A new study conducted by researchers from the American Society for Microbiology explored one risk that kids who attend daycare may be taking on. Their findings showed that many daycares carry common molds and yeasts that can increase the risk of children developing allergies and asthma

“This information is important to understand the alarming increase in chronic diseases like asthma and allergies in children,” said researcher Eva Lena Estensmo, Ph.D. “Fungal growth can lead to poor indoor air quality, and some fungi are associated with allergic reactions and respiratory systems that may lead to chronic respiratory diseases.” 

Daycares may pose a respiratory risk

The researchers collected data from 125 daycare centers in Norway to better understand how mold and yeast can affect kids’ allergy and asthma risk. The team collected indoor and outdoor samples at each facility and took several factors into account, including the type of ventilation, the facility's history of mold, how many children are in each building, the building material, and the building type. 
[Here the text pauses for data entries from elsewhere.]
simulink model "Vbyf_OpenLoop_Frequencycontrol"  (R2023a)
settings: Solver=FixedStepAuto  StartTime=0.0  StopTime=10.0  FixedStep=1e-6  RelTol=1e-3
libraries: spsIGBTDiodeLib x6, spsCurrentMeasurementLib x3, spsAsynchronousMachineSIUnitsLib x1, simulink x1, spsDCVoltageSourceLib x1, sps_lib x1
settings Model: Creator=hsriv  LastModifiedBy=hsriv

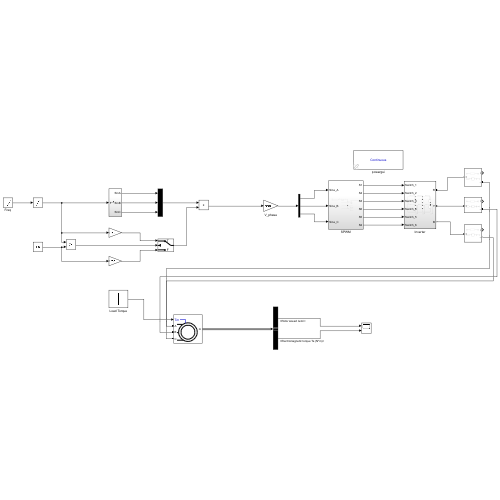
[thumbnail: Simulink's stored preview of the top-level diagram]
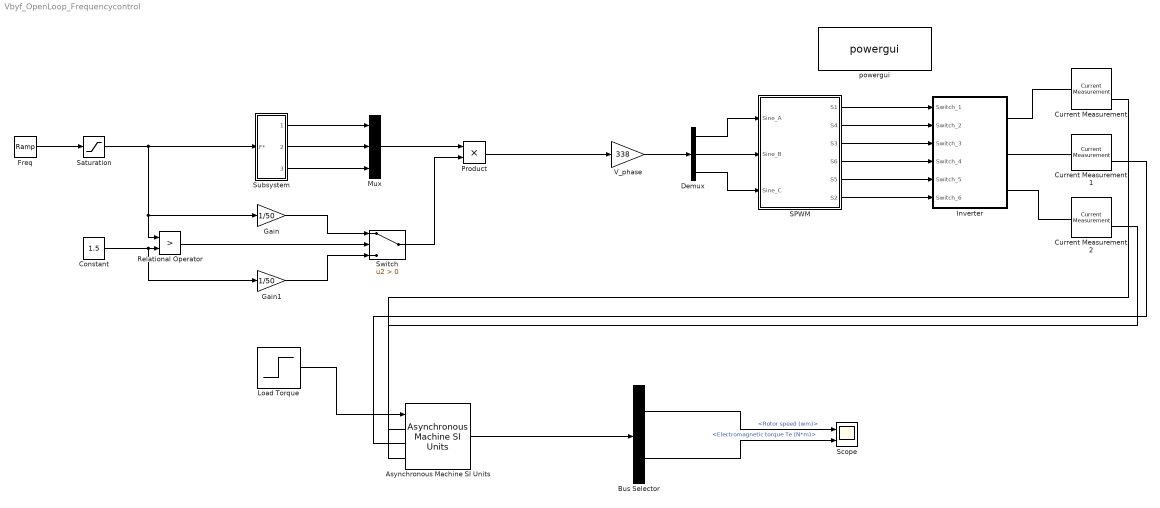
== system Vbyf_OpenLoop_Frequencycontrol ==
  Asynchronous Machine SI Units : spsAsynchronousMachineSIUnitsLib/Asynchronous Machine SI Units  RotorType=Squirrel-cage  PresetModel=No  MechanicalLoad=Torque Tm  ShowDetailedParameters=on  ReferenceFrame=Rotor  Units=SI  MeasurementBus=off  NominalParameters=[1.845e+04 415 50]  VoltageRatio=1  Stator=[0.5968 0.0003495]  Rotor=[0.6258 0.005473]  Cage1=[0.4155 0.002066]  Cage2=[0.4168 0.0003495]  Lm=0.0354  Mechanical=[0.05 0.005879 2]  PolePairs=2  InitialConditions=[1 0 0 0 0 0 0 0]  SimulateSaturation=off  Saturation=[14.03593122, 27.81365428, 53.79336849, 72.68890987, 97.98006896, 148.6815601, 215.7428561, 302.9841135, 428.7778367 ; 230, 322, 414, 460, 506, 552, 598, 644, 690]  LoadFlowParameters=1492000  TsPowergui=0  TsBlock=-1  IterativeModel=Trapezoidal non iterative  IterativeDiscreteModel=Trapezoidal non iterative  Pmec=1.492e+006
  Bus Selector : BusSelector  OutputSignals=Mechanical.Rotor speed (wm),Mechanical.Electromagnetic torque Te (N*m)
  Constant : Constant  Value=1.5
  Current Measurement : spsCurrentMeasurementLib/Current Measurement  PhasorSimulation=off  OutputType=Complex  PSBequivalent=0
  Current Measurement1 : spsCurrentMeasurementLib/Current Measurement  PhasorSimulation=off  OutputType=Complex  PSBequivalent=0
  Current Measurement2 : spsCurrentMeasurementLib/Current Measurement  PhasorSimulation=off  OutputType=Complex  PSBequivalent=0
  Demux : Demux  Outputs=3
  Freq : simulink/Sources/Ramp  slope=100  start=0  InitialOutput=0
  Gain : Gain  Gain=1/50
  Gain1 : Gain  Gain=1/50
  Inverter : Subsystem
  Load Torque : Step  Time=10  Before=0.00001  SampleTime=0
  Mux : Mux  Inputs=3
  Product : Product
  Relational Operator : RelationalOperator  Operator=>  OutDataTypeStr=boolean  RndMeth=Simplest  InputSameDT=off
  SPWM : Subsystem
  Saturation : Saturate  UpperLimit=50  LowerLimit=0
  Scope : Scope  NumInputPorts=2
  Subsystem : Subsystem
  Switch : Switch  Criteria=u2 > Threshold  SaturateOnIntegerOverflow=off  InputSameDT=off
  V_phase : Gain  Gain=338
  powergui : sps_lib/powergui  Priority=1  SimulationMode=Continuous  SampleTime=50e-6  frequency=60  Iterations=50  frequencyindice=50  Pbase=100e6  ErrMax=1e-4  UnitsV=kV  UnitsW=MW  buscounter=0  FunctionMessages=off  echomessages=off  EnableUseOfTLC=off  CurrentSourceSwitches=off  DisableSnubberDevices=off  DisableRonSwitches=off  DisableVfSwitches=off  DisplayEquations=off  AutomaticDiscreteSolvers=off  SolverType=Tustin/Backward Euler (TBE)  Interpol=off  ExternalGateDelay=off  methode=off  Ts=100  x0status=blocks  SPID=on  SwTol=0  HookPort=off  NonlinearTolerance=1e-4  nMaxIteration=100  ContinueOnMaxIteration=off  RestoreLinks=warning  ResistiveCurrentMeasurement=off  Frange=[0:2:500]  Ylog=off  Xlog=on  ShowGrid=off  save=off  variable=ZData  structure=0  ZoomFFT=off  StartTime=0.0  cycles=1  DisplayStyle=1  fundamental=60  FreqAxis=off  MaxFrequency=1000  frequencyindicesteady=1  RmsSteady=1  display=off
  wires:
  Subsystem/1(SinA) -> Mux/1
  Saturation/1 -> Subsystem/1(F*), Gain/1, Relational Operator/1
  Gain/1 -> Switch/1
  Constant/1 -> Gain1/1, Relational Operator/2
  Subsystem/3(SinC) -> Mux/3
  Switch/1 -> Product/2
  Mux/1 -> Product/1
  Freq/1 -> Saturation/1
  Subsystem/2(SinB) -> Mux/2
  Gain1/1 -> Switch/3
  Relational Operator/1 -> Switch/2
  Product/1 -> V_phase/1
  V_phase/1 -> Demux/1
  Demux/2 -> SPWM/2(Sine_B)
  Demux/1 -> SPWM/1(Sine_A)
  Demux/3 -> SPWM/3(Sine_C)
  SPWM/1(S1) -> Inverter/1(Switch_1)
  SPWM/2(S4) -> Inverter/2(Switch_2)
  SPWM/3(S3) -> Inverter/3(Switch_3)
  SPWM/4(S6) -> Inverter/4(Switch_4)
  SPWM/5(S5) -> Inverter/5(Switch_5)
  SPWM/6(S2) -> Inverter/6(Switch_6)
  Asynchronous Machine SI Units/1 -> Bus Selector/1
  Load Torque/1 -> Asynchronous Machine SI Units/1
  Bus Selector/1 -> Scope/1  "<Rotor speed (wm)>"
  Bus Selector/2 -> Scope/2  "<Electromagnetic torque Te (N*m)>"
  connections:
  Inverter/RConn1 -- Current Measurement/LConn1
  Inverter/RConn2 -- Current Measurement1/LConn1
  Inverter/RConn3 -- Current Measurement2/LConn1
  Current Measurement/RConn1 -- Asynchronous Machine SI Units/LConn1
  Current Measurement1/RConn1 -- Asynchronous Machine SI Units/LConn2
  Asynchronous Machine SI Units/LConn3 -- Current Measurement2/RConn1

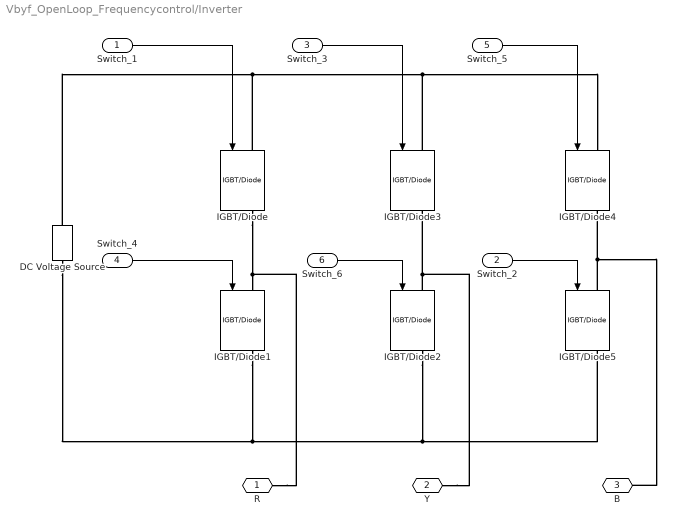
== system Vbyf_OpenLoop_Frequencycontrol/Inverter ==
  Switch_1 : Inport
  Switch_2 : Inport  Port=2
  Switch_3 : Inport  Port=3
  Switch_4 : Inport  Port=4
  Switch_5 : Inport  Port=5
  Switch_6 : Inport  Port=6
  DC Voltage Source : spsDCVoltageSourceLib/DC Voltage Source  Amplitude=700  Measurements=None
  IGBT/Diode{,1..5} (6 alike) : spsIGBTDiodeLib/IGBT//Diode  Ron=1e-3  Rs=1e5  Cs=inf  Measurements=on
  R : PMIOPort  Side=Right
  Y : PMIOPort  Port=2  Side=Right
  B : PMIOPort  Port=3  Side=Right
  wires:
  Switch_3/1 -> IGBT/Diode3/1
  Switch_6/1 -> IGBT/Diode2/1
  Switch_5/1 -> IGBT/Diode4/1
  Switch_4/1 -> IGBT/Diode1/1
  Switch_1/1 -> IGBT/Diode/1
  Switch_2/1 -> IGBT/Diode5/1
  connections:
  DC Voltage Source/LConn1 -- IGBT/Diode1/RConn1 -- IGBT/Diode5/RConn1 -- IGBT/Diode2/RConn1
  IGBT/Diode2/LConn1 -- IGBT/Diode3/RConn1 -- Y/RConn1
  DC Voltage Source/RConn1 -- IGBT/Diode3/LConn1 -- IGBT/Diode4/LConn1 -- IGBT/Diode/LConn1
  IGBT/Diode5/LConn1 -- B/RConn1 -- IGBT/Diode4/RConn1
  IGBT/Diode/RConn1 -- R/RConn1 -- IGBT/Diode1/LConn1

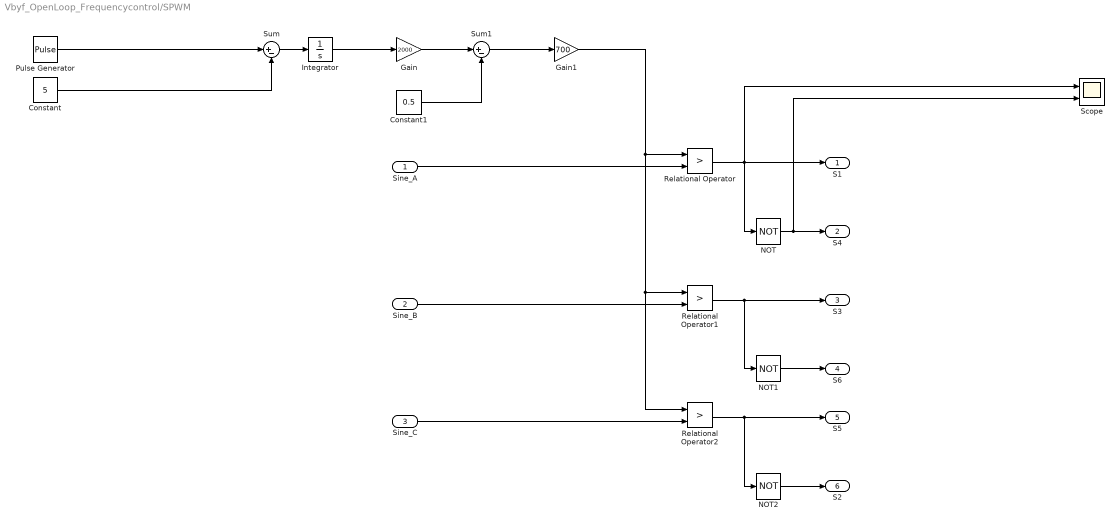
== system Vbyf_OpenLoop_Frequencycontrol/SPWM ==
  Sine_A : Inport
  Sine_B : Inport  Port=2
  Sine_C : Inport  Port=3
  Constant : Constant  Value=5
  Constant1 : Constant  Value=0.5
  Gain : Gain  Gain=2000
  Gain1 : Gain  Gain=700
  Integrator : Integrator
  NOT : Logic  Operator=NOT  IconShape=distinctive  AllPortsSameDT=off  OutDataTypeStr=boolean
  NOT1 : Logic  Operator=NOT  IconShape=distinctive  AllPortsSameDT=off  OutDataTypeStr=boolean
  NOT2 : Logic  Operator=NOT  IconShape=distinctive  AllPortsSameDT=off  OutDataTypeStr=boolean
  Pulse Generator : DiscretePulseGenerator  PulseType=Time based  Amplitude=10  Period=2e-4  PulseWidth=50
  Relational Operator : RelationalOperator  Operator=>  OutDataTypeStr=boolean  RndMeth=Simplest  InputSameDT=off
  Relational Operator1 : RelationalOperator  Operator=>  OutDataTypeStr=boolean  RndMeth=Simplest  InputSameDT=off
  Relational Operator2 : RelationalOperator  Operator=>  OutDataTypeStr=boolean  RndMeth=Simplest  InputSameDT=off
  Scope : Scope  NumInputPorts=2
  Sum : Sum  Inputs=|+-
  Sum1 : Sum  Inputs=|+-
  S1 : Outport
  S4 : Outport  Port=2
  S3 : Outport  Port=3
  S6 : Outport  Port=4
  S5 : Outport  Port=5
  S2 : Outport  Port=6
  wires:
  Constant1/1 -> Sum1/2
  Constant/1 -> Sum/2
  Relational Operator/1 -> S1/1, Scope/1, NOT/1
  Sine_A/1 -> Relational Operator/2
  Sum/1 -> Integrator/1
  Relational Operator2/1 -> S5/1, NOT2/1
  Gain1/1 -> Relational Operator2/1, Relational Operator1/1, Relational Operator/1
  Integrator/1 -> Gain/1
  Relational Operator1/1 -> S3/1, NOT1/1
  Pulse Generator/1 -> Sum/1
  Sum1/1 -> Gain1/1
  Gain/1 -> Sum1/1
  NOT2/1 -> S2/1
  Sine_C/1 -> Relational Operator2/2
  NOT/1 -> S4/1, Scope/2
  NOT1/1 -> S6/1
  Sine_B/1 -> Relational Operator1/2

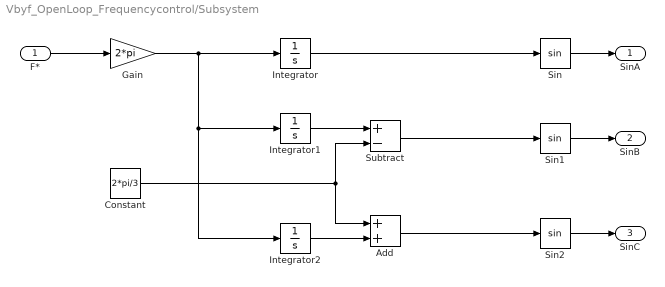
== system Vbyf_OpenLoop_Frequencycontrol/Subsystem ==
  F* : Inport
  Add : Sum
  Constant : Constant  Value=2*pi/3
  Gain : Gain  Gain=2*pi
  Integrator : Integrator
  Integrator1 : Integrator
  Integrator2 : Integrator
  Sin : Trigonometry
  Sin1 : Trigonometry
  Sin2 : Trigonometry
  Subtract : Sum  Inputs=+-
  SinA : Outport
  SinB : Outport  Port=2
  SinC : Outport  Port=3
  wires:
  Gain/1 -> Integrator2/1, Integrator1/1, Integrator/1
  Integrator/1 -> Sin/1
  Sin/1 -> SinA/1
  Integrator1/1 -> Subtract/1
  Subtract/1 -> Sin1/1
  Sin1/1 -> SinB/1
  Integrator2/1 -> Add/2
  Constant/1 -> Subtract/2, Add/1
  Add/1 -> Sin2/1
  Sin2/1 -> SinC/1
  F*/1 -> Gain/1

The researchers learned that mold and yeast was a significant issue indoors at many of the daycare centers; however, the team didn’t detect the same level of fungi in the outdoor areas at these buildings. They say the high mold and yeast composition that they found can have a significant impact on respiratory health, as the kids were more likely to develop allergies and asthma when they were exposed to the fungi. 

“Especially the high diversity of yeasts came as a surprise,” said Dr. Estensmo. “Many might be associated with the human body. We don’t fully know whether the yeasts are especially associated with children, but we have some indications – working in progress – that far more yeasts are present in daycares than in other indoor environments.” 

The team's work also showed that the number of kids present in each daycare center impacted the presence of molds and yeasts. The humidity and average temperature mostly affected the fungi composition in the daycares. 

The researchers believe daycare centers may actually contain higher levels of mold and yeast than homes. They also note that kids may actually play an important role in the molds and yeasts found indoors at these places. 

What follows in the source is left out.